The semantic link Spark native connector enables Spark users to access Power BI tables and measures. The connector is language-agnostic and supports PySpark, Spark SQL, R, and Scala.

To use the Spark native connector, semantic models are represented as Spark namespaces and transparently expose Power BI tables as Spark tables.

Configure Spark to use the Power BI Spark native connector:

spark.conf.set("spark.sql.catalog.pbi", "com.microsoft.azure.synapse.ml.powerbi.PowerBICatalog")

# Optionally, configure the workspace using its ID
# Resolve workspace name to ID using fabric.resolve_workspace_id("My workspace")
# Replace 00000000-0000-0000-0000-000000000000 with your own workspace ID
# spark.conf.set("spark.sql.catalog.pbi.workspace, "00000000-0000-0000-0000-000000000000")

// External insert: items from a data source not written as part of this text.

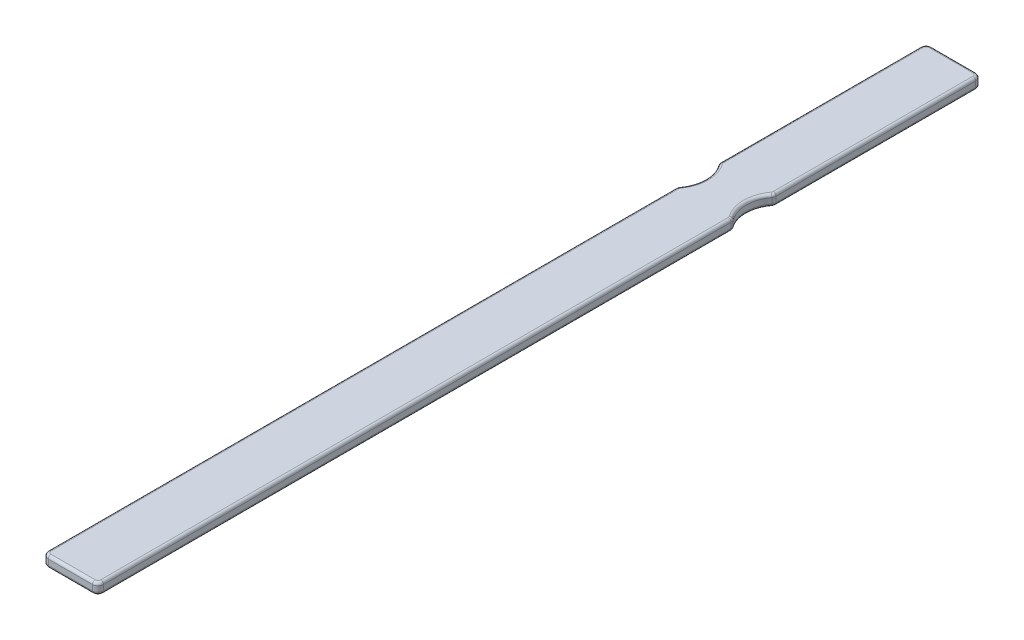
from build123d import *

# Parameters (mm, degrees)
BOSS_EXTRUDE1_DEPTH = 4
FILLET1_R           = 2
FILLET2_R           = 1


with BuildPart() as part:
    # Sketch1 → Boss-Extrude1 (new body)
    with BuildSketch(Plane(origin=(0, 0, 0), x_dir=(1, 0, 0), z_dir=(0, 1, 0))):
        with BuildLine():
            Line((-10, 0), (10, 0))
            Line((10, 0), (10, 230))
            ThreePointArc((10, 230), (7.367496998, 237.5), (10, 245))
            Line((10, 245), (10, 320))
            Line((10, 320), (-10, 320))
            Line((-10, 320), (-10, 245))
            ThreePointArc((-10, 245), (-7.367496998, 237.5), (-10, 230))
            Line((-10, 230), (-10, 0))
        make_face()
    extrude(amount=BOSS_EXTRUDE1_DEPTH)

    # Fillet1
    fillet1_edges = [part.edges().sort_by_distance(p)[0] for p in [
        (-10, 2, -230),
        (-10, 2, -245),
        (-10, 2, -320),
        (10, 2, -320),
        (10, 2, -245),
        (10, 2, -230),
        (10, 2, 0),
        (-10, 2, 0),
    ]]
    fillet(fillet1_edges, radius=FILLET1_R)

    # Fillet2
    fillet2_edges = [part.edges().sort_by_distance(p)[0] for p in [
        (10, 0, -281.835951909),
        (10, 4, -281.835951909),
        (-10, 0, -115.664048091),
        (-7.367496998, 0, -237.5),
        (-10, 0, -281.835951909),
        (0, 0, -320),
        (7.367496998, 0, -237.5),
        (10, 0, -115.664048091),
        (0, 0, 0),
        (-9.414213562, 0, -319.414213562),
        (9.414213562, 0, -319.414213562),
        (9.414213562, 0, -0.585786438),
        (-9.414213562, 0, -0.585786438),
        (-9.903661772, 0, -245.058656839),
        (-9.903661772, 0, -229.941343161),
        (9.903661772, 0, -229.941343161),
        (9.903661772, 0, -245.058656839),
        (7.367496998, 4, -237.5),
        (-10, 4, -115.664048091),
        (0, 4, 0),
        (10, 4, -115.664048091),
        (0, 4, -320),
        (-10, 4, -281.835951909),
        (-7.367496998, 4, -237.5),
        (-9.414213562, 4, -319.414213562),
        (9.414213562, 4, -319.414213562),
        (9.414213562, 4, -0.585786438),
        (-9.414213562, 4, -0.585786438),
        (-9.903661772, 4, -245.058656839),
        (-9.903661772, 4, -229.941343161),
        (9.903661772, 4, -229.941343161),
        (9.903661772, 4, -245.058656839),
    ]]
    fillet(fillet2_edges, radius=FILLET2_R)


solid = part.part

List all tables in the semantic model Sales Dataset:

%%sql
SHOW TABLES FROM pbi.`Sales Dataset`

Display data from the table Customer in the semantic model Sales Dataset:

%%sql
SELECT * FROM pbi.`Sales Dataset`.Customer

Power BI measures are accessible through the virtual _Metrics table to bridge relational Spark SQL with multidimensional Power BI. In the following example, Total Revenue and Revenue Budget are measures defined in the Sales Dataset semantic model, while the remaining columns are dimensions. The aggregation function (for example, AVG) is ignored for measures and only serves for consistency with SQL.

The connector supports predicate push down of computation from Spark expressions into the Power BI engine; for example, Customer[State] in ('CA', 'WA'), thereby enabling utilization of Power BI optimized engine.

SELECT
    `Customer[Country/Region]`,
    `Industry[Industry]`,
    AVG(`Total Revenue`),
    AVG(`Revenue Budget`)
FROM
    pbi.`Sales Dataset`.`_Metrics`
WHERE
    `Customer[State]` in ('CA', 'WA')
GROUP BY
    `Customer[Country/Region]`,
    `Industry[Industry]`

Data augmentation with Power BI measures

The add_measure operation is a powerful feature of semantic link that enables you to augment data with measures from semantic models. The add_measure operation is only available in the SemPy Python library and not supported by the Spark native connector. For more information on the add_measure method, see add_measure in the FabricDataFrame Class

To use the SemPy Python library, you first need to install it in your notebook kernel by executing this code in a notebook cell:

Tip

The code example assumes that you've manually created a FabricDataFrame with data that you want to augment with measures from a semantic model.

# %pip and import only needs to be done once per notebook
%pip install semantic-link
from sempy.fabric import FabricDataFrame

df = FabricDataFrame({
        "Sales Agent": ["Agent 1", "Agent 1", "Agent 2"],
        "Customer[Country/Region]": ["US", "GB", "US"],
        "Industry[Industry]": ["Services", "CPG", "Manufacturing"],
    }
)

joined_df = df.add_measure(["Total Revenue", "Total Budget"], dataset="Sales Dataset")

The add_measure operation performs these steps:

  • Resolves column names: The column names in the FabricDataFrame are resolved to Power BI dimensions. Any column names that can't be resolved within the given semantic model are ignored (see the supported DAX syntax).
  • Defines group by columns, by using the resolved column names.
  • Computes one or more measures at the group by level.
  • Filters the result by the existing rows in the FabricDataFrame.